Batang I Serulingmedia.com – Pemerintah Kabupaten Batang terus memperkuat gerakan literasi masyarakat dengan mengembangkan 15 Kampung Literasi baru di berbagai kecamatan. Langkah ini dibarengi dengan komitmen penambahan anggaran sebesar Rp250 juta untuk wilayah yang dinilai memiliki potensi tertinggi dalam pengembangan program.
Peluncuran perluasan program ini disampaikan dalam kegiatan Gerakan Sak Minggu Sak Buku di Kampung Literasi Pelangi, Proyonanggan Selatan, Selasa (7/4/2026).

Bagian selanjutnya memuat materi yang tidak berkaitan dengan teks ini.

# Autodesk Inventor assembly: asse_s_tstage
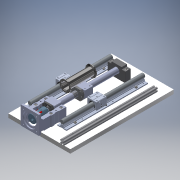
[picture p0: Inventor's stored thumbnail of the model, 180x180]
Saved by Autodesk Inventor 2019 (Build 230136000, 136)
## iProperties
Created: 2022-09-02
Part Number: asse_s_tstage
Document SubType Name: Assembly
Designer: kananovicha
Author: kananovicha
## Documents named in this file (10)
- C:\Users\kananovicha\Documents\work\workAppState\prj_shocksL\s_tstage\drawingsGit\s_tstage\asse_s_tstage\asse_s_tstage.iam
- C:\Users\kananovicha\Documents\work\workAppState\prj_shocksL\s_tstage\drawingsGit\s_tstage\mplate\mplate.ipt
- C:\Users\kananovicha\Documents\work\workAppState\prj_shocksL\s_tstage\drawingsGit\s_tstage\3rdParty\ballScrewAssembly\2510 L=400.iam
- C:\Users\kananovicha\Documents\work\workAppState\prj_shocksL\s_tstage\drawingsGit\s_tstage\allmainparams\allmainparams.ipt
- C:\Users\kananovicha\Documents\work\workAppState\prj_shocksL\s_tstage\drawingsGit\s_tstage\3rdParty\KF40nipple\qf40-150-n.iam
- C:\Users\kananovicha\Documents\work\workAppState\prj_shocksL\s_tstage\drawingsGit\s_tstage\3rdParty\br20-shaft-and-support-rail-resizable-1.snapshot.13\BR20\BR20-400.iam
- C:\Users\kananovicha\Documents\work\workAppState\prj_shocksL\s_tstage\drawingsGit\s_tstage\3rdParty\mod-sbr20uu-open-linear-bearing-1.snapshot.2\SBR20UU.iam
- C:\Users\kananovicha\Documents\work\workAppState\prj_shocksL\s_tstage\drawingsGit\s_tstage\tslot2020short\tslot2020short.ipt
- C:\Users\kananovicha\Documents\work\workAppState\prj_shocksL\s_tstage\drawingsGit\s_tstage\3rdParty\fasteners\ANSI B18.3.1M - M8x1.25 x 50(1).ipt
- C:\Users\kananovicha\Documents\work\workAppState\prj_shocksL\s_tstage\drawingsGit\s_tstage\3rdParty\fasteners\91290A328_Alloy Steel Socket Head Screw.ipt
## Components (26 placed, 8 different names)
1. mplate:1 — Flush:1, Mate:1, Mate:2, Mate:3, Mate:4, Angle:1, Angle:2, Angle:3, Flush:4, Mate:7, Flush:5, Flush:6
2. 2510 L=400:1 [sub-assembly] — Flush:1, Mate:1, Mate:2, Mate:5, Mate:6, Insert:1, Insert:2, Insert:3, Insert:4, Insert:5, Insert:6
3. qf40-150-n:1 [sub-assembly]
4. BR20-400:1 [sub-assembly] — Mate:3, Cylindrical:1, Angle:2, Mate:5, Mate:8, Flush:5, Insert:7
5. BR20-400:2 [sub-assembly] — Mate:4, Cylindrical:2, Mate:6, Flush:6, Insert:8
6. SBR20UU:1 [sub-assembly] — Cylindrical:1, Angle:1
7. SBR20UU:2 [sub-assembly] — Cylindrical:2, Angle:3
8. tslot2020short:1 — Flush:4, Mate:7, Mate:8
9. ANSI B18.3.1M - M8x1.25 x 50(1):1 — Insert:1
10. ANSI B18.3.1M - M8x1.25 x 50(1):2 — Insert:2
11. ANSI B18.3.1M - M8x1.25 x 50(1):3 — Insert:3
12. ANSI B18.3.1M - M8x1.25 x 50(1):4 — Insert:4
13. ANSI B18.3.1M - M8x1.25 x 50(1):5 — Insert:5
14. ANSI B18.3.1M - M8x1.25 x 50(1):6 — Insert:6
15. 91290A328_Alloy Steel Socket Head Screw:1 — Insert:7
16. 91290A328_Alloy Steel Socket Head Screw:3
17. 91290A328_Alloy Steel Socket Head Screw:4
18. 91290A328_Alloy Steel Socket Head Screw:5
19. 91290A328_Alloy Steel Socket Head Screw:6
20. 91290A328_Alloy Steel Socket Head Screw:7
21. 91290A328_Alloy Steel Socket Head Screw:2 — Insert:8
22. 91290A328_Alloy Steel Socket Head Screw:8
23. 91290A328_Alloy Steel Socket Head Screw:9
24. 91290A328_Alloy Steel Socket Head Screw:10
25. 91290A328_Alloy Steel Socket Head Screw:11
26. 91290A328_Alloy Steel Socket Head Screw:12
## Component patterns: (6 elements, first: 91290A328_Alloy Steel Socket Head Screw:1), (6 elements, first: 91290A328_Alloy Steel Socket Head Screw:2)
## Relationships (25: Mate 8, Insert 8, Flush 4, Angle 3, CylindricalJoint 2)
- Flush:1 (68.58 mm): mplate:1 ↔ 2510 L=400:1
- Mate:1: mplate:1 ↔ 2510 L=400:1
- Mate:2: mplate:1 ↔ 2510 L=400:1
- Mate:3: mplate:1 ↔ BR20-400:1
- Mate:4: mplate:1 ↔ BR20-400:2
- Cylindrical:1: BR20-400:1 ↔ SBR20UU:1
- Angle:1 (0 deg): mplate:1 ↔ SBR20UU:1
- Angle:2 (0 deg): mplate:1 ↔ BR20-400:1
- Cylindrical:2: BR20-400:2 ↔ SBR20UU:2
- Angle:3 (0 deg): mplate:1 ↔ SBR20UU:2
- Mate:5 (12.7 mm): 2510 L=400:1 ↔ BR20-400:1
- Mate:6 (12.7 mm): 2510 L=400:1 ↔ BR20-400:2
- Flush:4: mplate:1 ↔ tslot2020short:1
- Mate:7: mplate:1 ↔ tslot2020short:1
- Mate:8 (38.354 mm): BR20-400:1 ↔ tslot2020short:1
- Insert:1: 2510 L=400:1 ↔ ANSI B18.3.1M - M8x1.25 x 50(1):1
- Insert:2: 2510 L=400:1 ↔ ANSI B18.3.1M - M8x1.25 x 50(1):2
- Insert:3: 2510 L=400:1 ↔ ANSI B18.3.1M - M8x1.25 x 50(1):3
- Insert:4: 2510 L=400:1 ↔ ANSI B18.3.1M - M8x1.25 x 50(1):4
- Insert:5: 2510 L=400:1 ↔ ANSI B18.3.1M - M8x1.25 x 50(1):5
- Insert:6: 2510 L=400:1 ↔ ANSI B18.3.1M - M8x1.25 x 50(1):6
- Flush:5 (68.25 mm): mplate:1 ↔ BR20-400:1
- Flush:6 (68.25 mm): mplate:1 ↔ BR20-400:2
- Insert:7: BR20-400:1 ↔ 91290A328_Alloy Steel Socket Head Screw:1
- Insert:8: BR20-400:2 ↔ 91290A328_Alloy Steel Socket Head Screw:2
## Named parameters: asse_sfu_offset_wid = 68.58 mm, asse_sbr_railSeparation = 12.7 mm, asse_tslo_separation = 38.354 mm, asse_brm_l_offset = 68.25 mm, brm_hole_v_offset = 50 mm, brm_hole_h_offset = 7.493 mm, brm_hole_h_spacing = 29.9974 mm, brm_hole_v_spacing = 150 mm

Gerakan tersebut dirancang untuk meningkatkan budaya baca anak, terutama pada usia dini hingga sekolah dasar, sebagai upaya membentuk karakter kritis, cerdas, dan siap menghadapi tantangan masa depan.
Ketua Kampung Literasi Pelangi Proyonanggan Selatan, Herin Setyowati, menjelaskan bahwa masyarakat telah lama memanfaatkan ruang komunitas tersebut untuk kegiatan pendidikan informal.
“Tempat ini sejak dulu dipakai warga untuk mengaji Al-Qur’an setiap malam, dan ibu-ibu pengajian memanfaatkan buku-buku untuk meningkatkan keterampilan. Kami juga sudah menerima bantuan sekitar 1.000 buku dari Perpusnas, Disperpuska, hingga CSR Nestle,” terangnya.
Pegiat literasi Kurnia Hidayati menyambut positif gerakan tersebut. Menurutnya, literasi tidak hanya berdampak pada peningkatan kualitas sumber daya manusia, tetapi juga dapat membuka peluang ekonomi.
“Budaya membaca memunculkan ide kreatif. Dari situ bisa lahir karya, produk, lalu dijual untuk menghasilkan keuntungan,” ucapnya.
Bunda Literasi Batang, Faelasufa Faiz Kurniawan, menegaskan bahwa Kampung Literasi memiliki manfaat luas bagi anak-anak maupun orang tua. Koleksi buku yang semakin variatif membuat aktivitas edukatif lebih menarik.
“Sasaran Sak Minggu Sak Buku adalah anak usia dini sampai sekolah dasar. Mereka diajak berdiskusi, membaca, hingga mengenal literasi digital setiap hari,” jelasnya.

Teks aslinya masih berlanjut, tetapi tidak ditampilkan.